Bad information from the start

In October, the EPA and OSHA were still putting out information to residents saying that if dust from the collapsed towers was in homes or offices "people should be sure to clean thoroughly and avoid inhaling dust while doing so."

State and federal agencies warned about the toxic material and asbestos in the dust and quickly told people to wear masks if they found dust when they returned to their homes.

Plain paper or cloth masks were worn by more then 1,800 volunteers from the Southern Baptist Church, the Salvation Army and other groups who cleaned hundreds of apartments.

No one told them that of the 29 most available brands of masks on the market, only one contained filters fine enough to stop the microscopic asbestos fibers.

The EPA and the state and city told residents who knew they had asbestos to "mop it up, wash it down and throw it away" and "avoid inhaling dust while doing so."

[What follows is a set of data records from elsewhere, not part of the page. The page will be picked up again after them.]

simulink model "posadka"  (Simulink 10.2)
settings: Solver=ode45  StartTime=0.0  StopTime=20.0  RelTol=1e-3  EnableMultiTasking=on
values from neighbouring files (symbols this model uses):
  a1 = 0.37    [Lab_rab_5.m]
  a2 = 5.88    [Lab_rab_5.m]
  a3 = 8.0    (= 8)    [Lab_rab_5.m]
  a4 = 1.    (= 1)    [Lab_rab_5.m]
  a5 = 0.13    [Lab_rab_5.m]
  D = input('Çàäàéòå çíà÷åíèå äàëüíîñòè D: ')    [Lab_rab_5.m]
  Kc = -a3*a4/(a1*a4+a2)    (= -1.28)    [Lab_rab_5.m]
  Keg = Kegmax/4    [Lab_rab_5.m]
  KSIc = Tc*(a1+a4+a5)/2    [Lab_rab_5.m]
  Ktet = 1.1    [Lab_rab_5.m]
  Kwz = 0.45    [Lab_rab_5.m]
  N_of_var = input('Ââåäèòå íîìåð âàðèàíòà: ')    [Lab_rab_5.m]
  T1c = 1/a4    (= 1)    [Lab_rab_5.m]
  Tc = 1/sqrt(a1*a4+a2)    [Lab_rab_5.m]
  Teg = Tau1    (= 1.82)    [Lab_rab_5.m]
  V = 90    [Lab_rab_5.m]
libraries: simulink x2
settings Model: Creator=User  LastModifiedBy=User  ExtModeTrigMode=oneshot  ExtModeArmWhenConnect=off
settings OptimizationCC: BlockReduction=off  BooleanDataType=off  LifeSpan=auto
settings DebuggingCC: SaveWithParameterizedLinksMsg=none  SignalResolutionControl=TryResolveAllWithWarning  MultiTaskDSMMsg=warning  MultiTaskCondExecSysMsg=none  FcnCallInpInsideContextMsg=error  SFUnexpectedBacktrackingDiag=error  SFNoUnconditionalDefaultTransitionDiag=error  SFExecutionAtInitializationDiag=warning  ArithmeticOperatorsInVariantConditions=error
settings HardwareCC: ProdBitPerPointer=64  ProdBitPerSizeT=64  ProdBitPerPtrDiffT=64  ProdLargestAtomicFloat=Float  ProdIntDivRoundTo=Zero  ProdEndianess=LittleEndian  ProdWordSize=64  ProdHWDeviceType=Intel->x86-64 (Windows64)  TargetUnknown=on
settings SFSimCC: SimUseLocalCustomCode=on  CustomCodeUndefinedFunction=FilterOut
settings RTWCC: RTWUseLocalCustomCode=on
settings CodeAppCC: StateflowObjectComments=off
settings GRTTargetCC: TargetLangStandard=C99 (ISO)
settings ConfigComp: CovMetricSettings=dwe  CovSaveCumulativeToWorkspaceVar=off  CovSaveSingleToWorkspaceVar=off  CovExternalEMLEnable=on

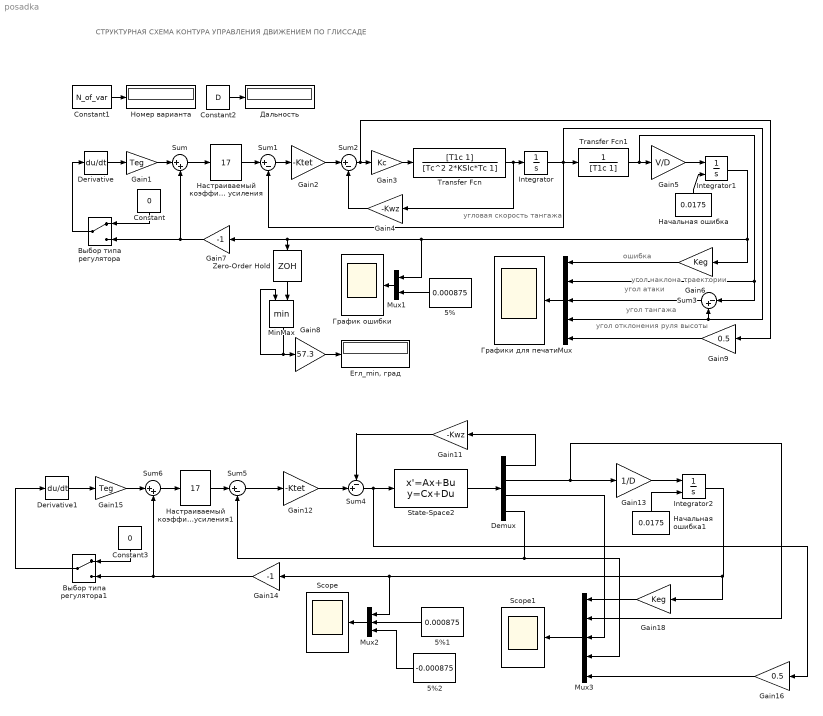
== system posadka ==
  note: СТРУКТУРНАЯ СХЕМА КОНТУРА УПРАВЛЕНИЯ ДВИЖЕНИЕМ ПО ГЛИССАДЕ
  note: ошибка
  note: угол наклона траектории
  note: угол атаки
  note: угол тангажа
  note: угол отклонения руля высоты
  note: угловая скорость тангажа
  5% : Constant  Value=0.000875
  5%1 : Constant  Value=0.000875
  5%2 : Constant  Value=-0.000875
  Constant : Constant  Value=0
  Constant1 : Constant  Value=N_of_var
  Constant2 : Constant  Value=D
  Constant3 : Constant  Value=0
  Demux : Demux
  Derivative : Derivative
  Derivative1 : Derivative
  Gain1 : Gain  Gain=Teg  SaturateOnIntegerOverflow=on
  Gain11 : Gain  Gain=-Kwz  SaturateOnIntegerOverflow=on
  Gain12 : Gain  Gain=-Ktet  SaturateOnIntegerOverflow=on
  Gain13 : Gain  Gain=1/D  SaturateOnIntegerOverflow=on
  Gain14 : Gain  Gain=-1  SaturateOnIntegerOverflow=on
  Gain15 : Gain  Gain=Teg  SaturateOnIntegerOverflow=on
  Gain16 : Gain  Gain=0.5  SaturateOnIntegerOverflow=on
  Gain18 : Gain  Gain=Keg  SaturateOnIntegerOverflow=on
  Gain2 : Gain  Gain=-Ktet  SaturateOnIntegerOverflow=on
  Gain3 : Gain  Gain=Kc  SaturateOnIntegerOverflow=on
  Gain4 : Gain  Gain=-Kwz  SaturateOnIntegerOverflow=on
  Gain5 : Gain  Gain=V/D  SaturateOnIntegerOverflow=on
  Gain6 : Gain  Gain=Keg  SaturateOnIntegerOverflow=on
  Gain7 : Gain  Gain=-1  SaturateOnIntegerOverflow=on
  Gain8 : Gain  Gain=57.3  SaturateOnIntegerOverflow=on
  Gain9 : Gain  Gain=0.5  SaturateOnIntegerOverflow=on
  Integrator : Integrator
  Integrator1 : Integrator  InitialConditionSource=external
  Integrator2 : Integrator  InitialConditionSource=external
  MinMax : MinMax  Inputs=2
  Mux : Mux  Inputs=5
  Mux1 : Mux  Inputs=2
  Mux2 : Mux  Inputs=3
  Mux3 : Mux  Inputs=5
  Scope : Scope
  Scope1 : Scope
  State-Space2 : StateSpace  A=[-(a1+a5) 0 a5*a4-a2 0;0 0 a4*V 0; 1 0 -a4 0; 1 0 0 0]  B=[-a3;0;0;0]  C=[1 0 0 0;0 1 0 0;0 0 1 0; 0 0 0 1]  D=[0;0;0;0]  InitialCondition=0
  Sum : Sum  Inputs=|++  SaturateOnIntegerOverflow=on
  Sum1 : Sum  Inputs=|+-  SaturateOnIntegerOverflow=on
  Sum2 : Sum  Inputs=|+-  SaturateOnIntegerOverflow=on
  Sum3 : Sum  Inputs=|-+  SaturateOnIntegerOverflow=on
  Sum4 : Sum  Inputs=-+|  SaturateOnIntegerOverflow=on
  Sum5 : Sum  Inputs=|+-  SaturateOnIntegerOverflow=on
  Sum6 : Sum  Inputs=|++  SaturateOnIntegerOverflow=on
  Transfer Fcn : TransferFcn  Numerator=[T1c 1]  Denominator=[Tc^2 2*KSIc*Tc 1]
  Transfer Fcn1 : TransferFcn  Denominator=[T1c 1]
  Zero-Order Hold : ZeroOrderHold
  Выбор типа регулятора : ManualSwitch
  Выбор типа регулятора1 : ManualSwitch
  График ошибки : Scope
  Графики для печати : Scope
  Дальность : Display
  "Егл_min, град" : Display
  Настраиваемый коэффициент усиления : simulink/Math Operations/Slider Gain  gain=17  low=0  high=67.5
  Настраиваемый коэффициент усиления1 : simulink/Math Operations/Slider Gain  gain=17  low=0  high=67.5
  Начальная ошибка : Constant  Value=0.0175
  Начальная ошибка1 : Constant  Value=0.0175
  Номер варианта : Display
  wires:
  Constant1/1 -> Номер варианта/1
  Constant2/1 -> Дальность/1
  Derivative/1 -> Gain1/1
  Gain1/1 -> Sum/1
  Sum/1 -> Настраиваемый коэффициент усиления/1
  Sum1/1 -> Gain2/1
  Gain2/1 -> Sum2/1
  Gain3/1 -> Transfer Fcn/1
  Transfer Fcn/1 -> Integrator/1, Gain4/1
  Gain4/1 -> Sum2/2
  Integrator/1 -> Transfer Fcn1/1, Sum1/2, Sum3/2, Mux/4
  Gain5/1 -> Integrator1/1
  Выбор типа регулятора/1 -> Derivative/1
  Constant/1 -> Выбор типа регулятора/1
  Начальная ошибка/1 -> Integrator1/2
  Transfer Fcn1/1 -> Gain5/1, Sum3/1, Mux/2
  Настраиваемый коэффициент усиления/1 -> Sum1/1
  Mux/1 -> Графики для печати/1
  Sum3/1 -> Mux/3
  Gain6/1 -> Mux/1
  Integrator1/1 -> Gain6/1, Mux1/1, Gain7/1, Zero-Order Hold/1
  Gain7/1 -> Выбор типа регулятора/2, Sum/2
  Mux1/1 -> График ошибки/1
  5%/1 -> Mux1/2
  Zero-Order Hold/1 -> MinMax/2
  MinMax/1 -> Gain8/1, MinMax/1
  Gain8/1 -> "Егл_min, град"/1
  Gain9/1 -> Mux/5
  Sum2/1 -> Gain3/1, Gain9/1
  State-Space2/1 -> Demux/1
  Sum4/1 -> State-Space2/1, Gain16/1
  Demux/1 -> Gain11/1
  Gain11/1 -> Sum4/1
  Gain12/1 -> Sum4/2
  Sum5/1 -> Gain12/1
  Demux/2 -> Mux3/2, Gain13/1
  Gain13/1 -> Integrator2/1
  Начальная ошибка1/1 -> Integrator2/2
  Sum6/1 -> Настраиваемый коэффициент усиления1/1
  Настраиваемый коэффициент усиления1/1 -> Sum5/1
  Gain14/1 -> Sum6/2, Выбор типа регулятора1/2
  Constant3/1 -> Выбор типа регулятора1/1
  Выбор типа регулятора1/1 -> Derivative1/1
  Derivative1/1 -> Gain15/1
  5%1/1 -> Mux2/2
  Mux2/1 -> Scope/1
  5%2/1 -> Mux2/3
  Mux3/1 -> Scope1/1
  Gain15/1 -> Sum6/1
  Gain16/1 -> Mux3/5
  Integrator2/1 -> Mux2/1, Gain14/1, Gain18/1
  Gain18/1 -> Mux3/1
  Demux/3 -> Mux3/3
  Demux/4 -> Mux3/4, Sum5/2

But state and federal asbestos-removal regulations demand that the cleanup be done by personnel wearing special respirators, full head-to-toe protective suits and gloves, and that the waste be disposed of only at authorized sites.

The EPA and New York Health Department point fingers at each other as the source of the misleading information.

Bellow admits that the EPA's Web site linked to incorrect guidance for office and apartment landlords and renters.

"It wasn't our information. It was from the (New York) state or city health department, and we removed it from our Web site last month," she said. "Obviously, our asbestos program was overwhelmed by a catastrophe of this magnitude. We are usually only concerned with asbestos from renovations and building demolition."

But a check of EPA's Web site yesterday found the same links were being used.

More bad information

When it came to the bureaucrats issuing medical information on asbestos, the contradictions were even more glaring.

The New York City Department of Health told residents that "asbestos-related lung disease results only from intense asbestos exposure experienced over a period of many years, primarily as a consequence of occupational exposures."

But the EPA's own experts as well as physicians at the CDC and private research centers have shown that a a single, heavy dose of asbestos can be enough to cause the lethal disease. Last month, the EPA issued a report documenting that casual exposure to asbestos has caused disease.

All the agencies play down the importance of test results that found dust samples that contained less then 1 percent asbestos.

"They keep calling it a trace. This implies to the public that there is no hazard from it," said Dr. Jerrold Abraham, director of environmental and occupational pathology at Upstate Medical University in Syracuse.

"If you're talking about pure chrysotile asbestos, there are 10 billion or more fibers per gram, or about a fifth of a teaspoon.

"Their whole measuring and reporting system needs to be made more honest."

The EPA's Bellow tried to answer the criticism.

"We didn't see ourselves as the primary source for information on what the health implications were. We're not a health agency," she said, adding that these are national issues that EPA headquarters should be addressing.

But headquarters has repeatedly declined to discuss these policy issues. Even before Sept. 11, the EPA was in turmoil over how to handle several asbestos problems throughout the nation.

Granger, who has studied the importance of risk communication, said the ball was dropped.

"We are talking about the very lives of these people and those they love," he said. "Because of the misleading or completely inaccurate government information and guidance, people don't know where to turn or whom to trust."

Starting today, the medical group representing the 250 New York unions will make doctors and proper asbestos safety equipment available to the day laborers who are cleaning many buildings and apartments.